- Born: October 1962 (age 63)
- Occupation: Director • writer

= Joe Ahearne =

British television writer and director (born 1962)

Joe Ahearne (born 1962) is a British television writer and director, best known for his work on several fantasy and science fiction based programmes including Ultraviolet, Apparitions and Doctor Who. He also wrote the screenplay for 2013 feature film Trance.

== Career ==
Ahearne's career began when the short film Latin for a Dark Room won an award at the Edinburgh Festival in 1994, and shortly afterwards he began working for the independent television production company World Productions. Among his work for World Productions were episodes of the 1997 BBC Two drama series This Life, of which Ahearne wrote two and directed another three episodes, making him the only person to both write and direct episodes for the series.

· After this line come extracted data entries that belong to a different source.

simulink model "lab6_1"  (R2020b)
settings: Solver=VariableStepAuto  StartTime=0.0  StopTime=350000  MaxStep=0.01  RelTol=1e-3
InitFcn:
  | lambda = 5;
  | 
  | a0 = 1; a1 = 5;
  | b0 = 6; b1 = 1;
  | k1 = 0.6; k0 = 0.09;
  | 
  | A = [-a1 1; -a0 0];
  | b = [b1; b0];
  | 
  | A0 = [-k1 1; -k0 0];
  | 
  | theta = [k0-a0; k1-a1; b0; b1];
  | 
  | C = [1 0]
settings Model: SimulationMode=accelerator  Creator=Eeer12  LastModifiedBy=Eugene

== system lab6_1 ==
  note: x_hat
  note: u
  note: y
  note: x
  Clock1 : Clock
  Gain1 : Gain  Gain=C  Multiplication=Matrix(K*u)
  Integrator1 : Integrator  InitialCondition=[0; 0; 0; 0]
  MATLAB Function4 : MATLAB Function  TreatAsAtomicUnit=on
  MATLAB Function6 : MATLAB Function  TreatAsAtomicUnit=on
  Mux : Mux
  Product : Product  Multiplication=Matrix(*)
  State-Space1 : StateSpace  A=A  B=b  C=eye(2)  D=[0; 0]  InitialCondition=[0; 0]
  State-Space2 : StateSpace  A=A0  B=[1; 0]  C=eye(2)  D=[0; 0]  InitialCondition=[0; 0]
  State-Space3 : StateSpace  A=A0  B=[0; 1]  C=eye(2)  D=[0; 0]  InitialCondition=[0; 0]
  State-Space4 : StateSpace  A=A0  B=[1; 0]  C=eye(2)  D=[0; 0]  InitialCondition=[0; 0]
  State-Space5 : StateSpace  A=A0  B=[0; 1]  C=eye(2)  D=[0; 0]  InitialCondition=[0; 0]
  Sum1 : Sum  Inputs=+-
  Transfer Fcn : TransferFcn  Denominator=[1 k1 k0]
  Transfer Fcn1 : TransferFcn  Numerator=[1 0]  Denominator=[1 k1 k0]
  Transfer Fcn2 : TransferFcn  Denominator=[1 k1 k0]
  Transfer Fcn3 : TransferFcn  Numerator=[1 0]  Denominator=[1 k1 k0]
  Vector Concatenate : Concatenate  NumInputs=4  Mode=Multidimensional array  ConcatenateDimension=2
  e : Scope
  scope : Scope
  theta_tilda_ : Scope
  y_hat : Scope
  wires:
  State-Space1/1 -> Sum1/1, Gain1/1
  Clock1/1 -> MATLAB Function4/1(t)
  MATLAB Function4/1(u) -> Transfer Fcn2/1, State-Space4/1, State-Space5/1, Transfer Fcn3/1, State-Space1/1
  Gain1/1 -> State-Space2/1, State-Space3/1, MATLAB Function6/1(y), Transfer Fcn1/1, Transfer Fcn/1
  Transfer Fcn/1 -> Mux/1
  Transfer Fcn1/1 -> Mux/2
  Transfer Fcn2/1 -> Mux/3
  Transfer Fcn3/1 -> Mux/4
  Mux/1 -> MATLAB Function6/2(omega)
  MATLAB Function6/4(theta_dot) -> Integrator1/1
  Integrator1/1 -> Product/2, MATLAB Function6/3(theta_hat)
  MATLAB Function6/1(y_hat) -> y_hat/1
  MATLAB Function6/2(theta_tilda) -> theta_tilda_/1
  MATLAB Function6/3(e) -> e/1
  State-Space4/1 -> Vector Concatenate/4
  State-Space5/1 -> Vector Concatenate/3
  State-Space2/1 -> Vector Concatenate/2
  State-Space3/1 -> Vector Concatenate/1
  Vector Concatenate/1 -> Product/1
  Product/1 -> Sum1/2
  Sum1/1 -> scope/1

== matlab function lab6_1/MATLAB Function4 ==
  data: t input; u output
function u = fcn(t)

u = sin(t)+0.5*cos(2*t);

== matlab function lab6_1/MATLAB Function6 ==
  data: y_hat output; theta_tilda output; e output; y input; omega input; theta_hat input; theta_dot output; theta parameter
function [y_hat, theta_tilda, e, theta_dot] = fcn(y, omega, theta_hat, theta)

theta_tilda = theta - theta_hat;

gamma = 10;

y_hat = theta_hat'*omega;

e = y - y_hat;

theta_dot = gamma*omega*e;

His next major production for World Productions was the 1998 Channel Four vampire television series Ultraviolet, a six episode series which Ahearne both wrote and directed. Ultraviolet was broadcast in to critical acclaim, and has subsequently been released on both VHS and DVD. The series also ran on the Sci-Fi Channel in the United States. The Fox Network in the U.S. produced a pilot for an American version of the show in 2001, though this did not lead to a series.

In 2002, Ahearne directed the pilot for the Big Bear Productions produced, BBC One horror-fantasy television drama Strange, written by Andrew Marshall. The pilot was successful enough for a series to be commissioned the following year, with Ahearne helming three of the six episodes, although the series was not a success and a second series did not follow.

Ahearne both wrote and directed the two-part drama-documentary series Space Odyssey: Voyage to the Planets for the BBC and the Discovery Channel in 2004.

He was also the director of five episodes of the 2005 series of the BBC's Doctor Who, for which Ahearne was nominated for his first BAFTA Award.

In December 2006, Ahearne's drama Perfect Parents, starring Doctor Who lead Christopher Eccleston, was aired on ITV1. The following month Ahearne returned to This Life to direct the one-off reunion episode "This Life +10", shown on BBC Two on 2 January 2007.

Ahearne's wrote and directed the six episode supernatural series for the BBC Apparitions, which aired on BBC One in November and December, 2008.

Ahearne also worked on Da Vinci's Demons, a fictional adventure TV-series created by David S. Goyer for Starz and BBC Worldwide. He also wrote the four-issue Fantastic Force mini-series for Marvel Comics in 2009 and Fantastic Four Annual 32 in 2010.

In 2013, Ahearne co-wrote the screenplay for the psychological thriller film Trance, directed by Danny Boyle and starring James McAvoy, which was partially a remake of Ahearne's own version of the story, made for British television in 2001. He had sent the script to Boyle in 1994 after the release of 1994's Shallow Grave. Boyle never forgot it, and over a decade later contacted Ahearne with the intention of making a feature film. It went on to receive mostly positive reviews.

In 2017 Ahearne wrote and directed the BBC One thriller mini-series The Replacement. The series consisted of three episodes, and lacked a conclusive ending. Ahearne did not intend to continue the series as he preferred short series.

Ahearne's next project was the "gay thriller" B&B, produced by Hummingbird Films and starring Doctor Who actor Paul McGann. B&B premiered at the 2017 London Independent Film Festival, where it was named the Best LGBT Picture. It played at numerous other festivals and received a limited theatrical release in the fall of 2017 in North America.

In 2017, Ahearne was announced as writer, director, and executive producer for the anthology series Rendlesham, based on the UFO sighting in Rendlesham Forest in 1980. The series was to star Laurence Fishburne, also serving as executive producer. As of June 2026, however, the series has not been filmed.